• _About this exercise_:
Search the records below for the string "sourcePoint" and copy each line where it turns up.

Stored dataset items:
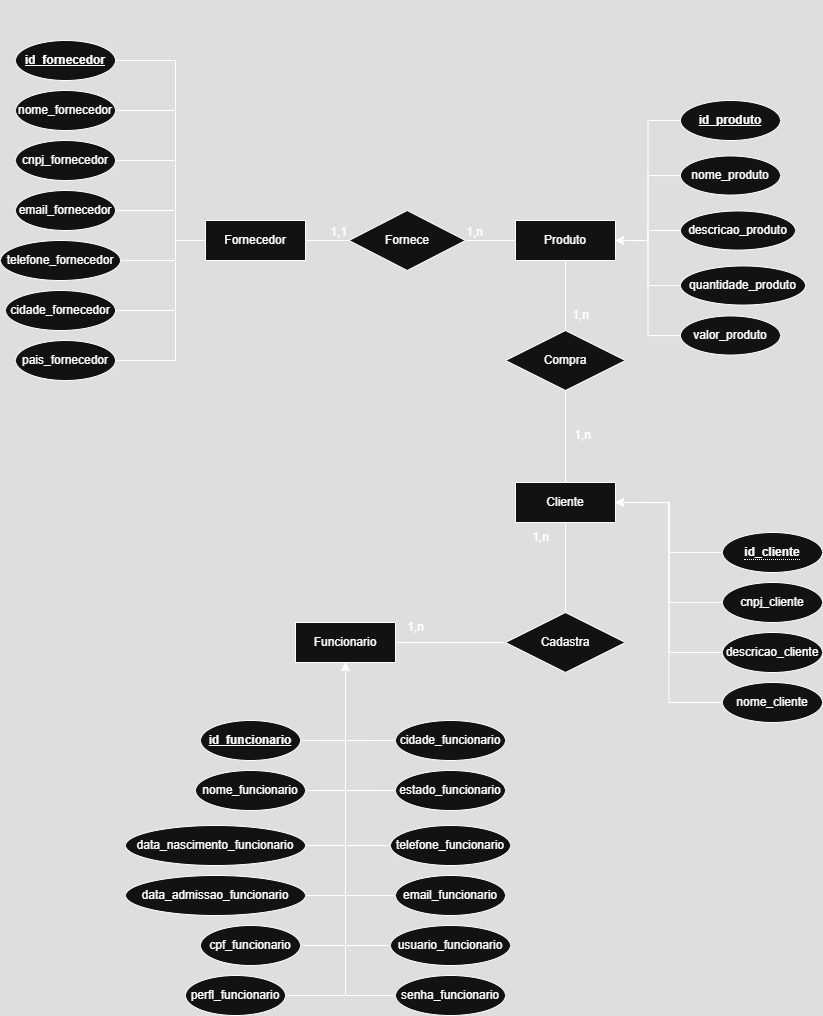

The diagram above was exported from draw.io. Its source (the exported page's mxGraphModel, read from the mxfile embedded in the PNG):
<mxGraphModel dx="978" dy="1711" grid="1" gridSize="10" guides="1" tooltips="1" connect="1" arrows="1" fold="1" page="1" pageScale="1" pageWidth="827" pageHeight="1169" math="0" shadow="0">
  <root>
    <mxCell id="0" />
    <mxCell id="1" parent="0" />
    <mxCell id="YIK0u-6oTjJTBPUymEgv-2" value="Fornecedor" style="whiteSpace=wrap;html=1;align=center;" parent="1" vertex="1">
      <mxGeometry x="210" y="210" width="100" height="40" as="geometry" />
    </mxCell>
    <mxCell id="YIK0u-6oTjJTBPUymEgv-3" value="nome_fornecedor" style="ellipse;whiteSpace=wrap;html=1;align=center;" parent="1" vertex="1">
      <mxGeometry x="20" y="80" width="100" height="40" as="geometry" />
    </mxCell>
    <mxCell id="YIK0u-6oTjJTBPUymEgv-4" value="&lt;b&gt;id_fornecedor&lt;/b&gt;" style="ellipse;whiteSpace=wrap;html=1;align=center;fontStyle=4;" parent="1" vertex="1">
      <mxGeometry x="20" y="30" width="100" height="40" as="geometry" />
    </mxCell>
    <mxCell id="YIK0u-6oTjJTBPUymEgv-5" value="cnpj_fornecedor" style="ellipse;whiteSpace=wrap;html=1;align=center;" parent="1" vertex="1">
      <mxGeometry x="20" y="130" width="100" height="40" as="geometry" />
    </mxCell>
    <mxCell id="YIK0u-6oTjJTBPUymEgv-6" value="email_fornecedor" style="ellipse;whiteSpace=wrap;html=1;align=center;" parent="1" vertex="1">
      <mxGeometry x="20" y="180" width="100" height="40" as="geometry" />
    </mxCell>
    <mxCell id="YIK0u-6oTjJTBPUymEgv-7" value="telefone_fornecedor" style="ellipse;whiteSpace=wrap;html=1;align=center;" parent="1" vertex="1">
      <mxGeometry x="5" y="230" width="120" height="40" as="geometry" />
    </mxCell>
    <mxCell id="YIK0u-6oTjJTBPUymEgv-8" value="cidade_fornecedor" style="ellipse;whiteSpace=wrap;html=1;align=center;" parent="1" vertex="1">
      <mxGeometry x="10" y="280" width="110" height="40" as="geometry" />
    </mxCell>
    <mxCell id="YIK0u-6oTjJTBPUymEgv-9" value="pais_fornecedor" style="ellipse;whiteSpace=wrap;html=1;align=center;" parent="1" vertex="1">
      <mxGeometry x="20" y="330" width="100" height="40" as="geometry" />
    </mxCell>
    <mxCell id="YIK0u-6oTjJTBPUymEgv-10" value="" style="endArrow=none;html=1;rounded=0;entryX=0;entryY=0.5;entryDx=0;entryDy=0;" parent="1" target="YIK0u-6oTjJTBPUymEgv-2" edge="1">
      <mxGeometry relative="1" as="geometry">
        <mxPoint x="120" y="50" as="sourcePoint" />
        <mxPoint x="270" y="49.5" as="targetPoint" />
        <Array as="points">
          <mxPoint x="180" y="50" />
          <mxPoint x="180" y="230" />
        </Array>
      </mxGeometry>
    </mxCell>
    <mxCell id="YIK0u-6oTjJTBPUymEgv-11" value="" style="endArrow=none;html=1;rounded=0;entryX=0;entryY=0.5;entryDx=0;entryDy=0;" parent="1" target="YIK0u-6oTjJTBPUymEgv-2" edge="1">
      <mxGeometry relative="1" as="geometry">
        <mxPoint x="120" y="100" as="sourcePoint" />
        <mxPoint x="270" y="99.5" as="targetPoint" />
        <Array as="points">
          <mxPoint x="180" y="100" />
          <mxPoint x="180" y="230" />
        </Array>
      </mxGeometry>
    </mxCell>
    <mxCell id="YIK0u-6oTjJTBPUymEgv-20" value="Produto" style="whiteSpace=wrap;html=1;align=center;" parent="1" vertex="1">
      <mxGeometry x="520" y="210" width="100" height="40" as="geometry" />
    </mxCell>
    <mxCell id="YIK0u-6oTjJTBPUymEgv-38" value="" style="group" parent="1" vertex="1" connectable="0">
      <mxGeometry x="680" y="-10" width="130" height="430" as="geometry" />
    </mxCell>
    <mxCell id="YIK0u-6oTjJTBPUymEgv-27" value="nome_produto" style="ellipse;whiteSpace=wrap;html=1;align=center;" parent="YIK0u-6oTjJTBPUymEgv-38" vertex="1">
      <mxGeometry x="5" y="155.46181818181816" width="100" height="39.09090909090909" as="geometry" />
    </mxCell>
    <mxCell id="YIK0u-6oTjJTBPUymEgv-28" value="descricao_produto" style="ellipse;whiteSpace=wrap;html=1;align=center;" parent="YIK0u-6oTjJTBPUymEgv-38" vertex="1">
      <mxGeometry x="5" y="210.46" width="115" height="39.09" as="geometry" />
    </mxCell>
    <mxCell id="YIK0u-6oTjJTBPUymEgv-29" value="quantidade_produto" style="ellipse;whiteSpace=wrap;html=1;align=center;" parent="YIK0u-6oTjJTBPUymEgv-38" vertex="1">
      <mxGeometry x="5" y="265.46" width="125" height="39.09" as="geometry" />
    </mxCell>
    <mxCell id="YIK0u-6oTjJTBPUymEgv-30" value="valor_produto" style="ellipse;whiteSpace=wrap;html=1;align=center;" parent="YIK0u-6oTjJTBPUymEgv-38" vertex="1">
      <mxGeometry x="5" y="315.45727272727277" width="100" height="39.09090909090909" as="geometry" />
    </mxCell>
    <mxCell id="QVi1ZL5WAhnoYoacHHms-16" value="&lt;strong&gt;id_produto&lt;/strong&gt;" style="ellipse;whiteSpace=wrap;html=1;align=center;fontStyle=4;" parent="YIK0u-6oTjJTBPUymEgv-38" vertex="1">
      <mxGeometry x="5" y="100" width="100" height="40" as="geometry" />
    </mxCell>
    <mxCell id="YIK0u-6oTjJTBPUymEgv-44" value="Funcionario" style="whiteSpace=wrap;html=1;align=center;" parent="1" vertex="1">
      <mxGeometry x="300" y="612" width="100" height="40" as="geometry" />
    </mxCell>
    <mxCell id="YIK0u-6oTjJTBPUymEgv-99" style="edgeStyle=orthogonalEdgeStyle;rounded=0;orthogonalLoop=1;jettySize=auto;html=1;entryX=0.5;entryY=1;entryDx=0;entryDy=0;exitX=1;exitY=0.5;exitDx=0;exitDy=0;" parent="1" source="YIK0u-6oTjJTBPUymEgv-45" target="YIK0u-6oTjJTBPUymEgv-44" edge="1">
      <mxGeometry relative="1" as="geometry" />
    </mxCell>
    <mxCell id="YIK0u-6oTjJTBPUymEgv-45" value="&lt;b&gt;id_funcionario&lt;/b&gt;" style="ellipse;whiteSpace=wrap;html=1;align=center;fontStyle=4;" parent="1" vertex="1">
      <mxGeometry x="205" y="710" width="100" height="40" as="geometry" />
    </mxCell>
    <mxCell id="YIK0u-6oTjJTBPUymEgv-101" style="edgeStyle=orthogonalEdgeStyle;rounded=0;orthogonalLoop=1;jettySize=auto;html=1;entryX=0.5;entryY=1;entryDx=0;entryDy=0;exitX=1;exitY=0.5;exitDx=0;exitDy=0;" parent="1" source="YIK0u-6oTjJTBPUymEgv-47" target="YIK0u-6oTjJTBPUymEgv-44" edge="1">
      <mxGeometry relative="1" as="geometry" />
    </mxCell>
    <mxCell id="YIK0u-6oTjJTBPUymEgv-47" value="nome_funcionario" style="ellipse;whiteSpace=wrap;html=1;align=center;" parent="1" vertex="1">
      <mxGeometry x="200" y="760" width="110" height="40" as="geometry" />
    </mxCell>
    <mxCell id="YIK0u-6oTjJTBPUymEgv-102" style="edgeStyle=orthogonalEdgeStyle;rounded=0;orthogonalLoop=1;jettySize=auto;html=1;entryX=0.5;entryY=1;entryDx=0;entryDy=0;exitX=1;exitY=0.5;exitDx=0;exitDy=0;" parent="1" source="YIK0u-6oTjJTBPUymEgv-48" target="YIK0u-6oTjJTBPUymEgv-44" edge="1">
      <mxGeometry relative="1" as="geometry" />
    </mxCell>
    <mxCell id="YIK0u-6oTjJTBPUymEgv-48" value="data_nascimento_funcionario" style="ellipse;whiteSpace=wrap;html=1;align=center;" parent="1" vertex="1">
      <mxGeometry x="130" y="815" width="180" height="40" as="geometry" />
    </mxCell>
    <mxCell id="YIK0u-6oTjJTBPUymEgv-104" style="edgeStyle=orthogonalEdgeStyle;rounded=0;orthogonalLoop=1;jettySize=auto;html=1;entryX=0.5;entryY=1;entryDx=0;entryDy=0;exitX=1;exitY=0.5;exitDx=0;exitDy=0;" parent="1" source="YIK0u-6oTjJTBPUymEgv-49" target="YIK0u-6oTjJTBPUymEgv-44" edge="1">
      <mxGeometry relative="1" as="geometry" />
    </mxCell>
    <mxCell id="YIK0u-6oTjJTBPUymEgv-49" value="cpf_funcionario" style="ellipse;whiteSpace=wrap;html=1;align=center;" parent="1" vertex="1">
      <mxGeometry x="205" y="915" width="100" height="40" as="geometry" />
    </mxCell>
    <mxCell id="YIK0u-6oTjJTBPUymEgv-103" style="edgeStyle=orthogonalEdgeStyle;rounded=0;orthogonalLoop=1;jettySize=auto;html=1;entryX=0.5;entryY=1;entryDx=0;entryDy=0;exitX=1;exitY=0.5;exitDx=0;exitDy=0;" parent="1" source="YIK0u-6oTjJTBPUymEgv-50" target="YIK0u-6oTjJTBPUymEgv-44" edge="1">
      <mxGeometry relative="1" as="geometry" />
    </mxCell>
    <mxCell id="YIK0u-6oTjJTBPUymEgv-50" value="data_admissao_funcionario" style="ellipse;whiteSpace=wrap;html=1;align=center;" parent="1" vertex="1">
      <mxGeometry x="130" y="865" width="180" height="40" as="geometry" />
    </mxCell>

• _Exercise result_:
        <mxPoint x="120" y="50" as="sourcePoint" />
        <mxPoint x="120" y="100" as="sourcePoint" />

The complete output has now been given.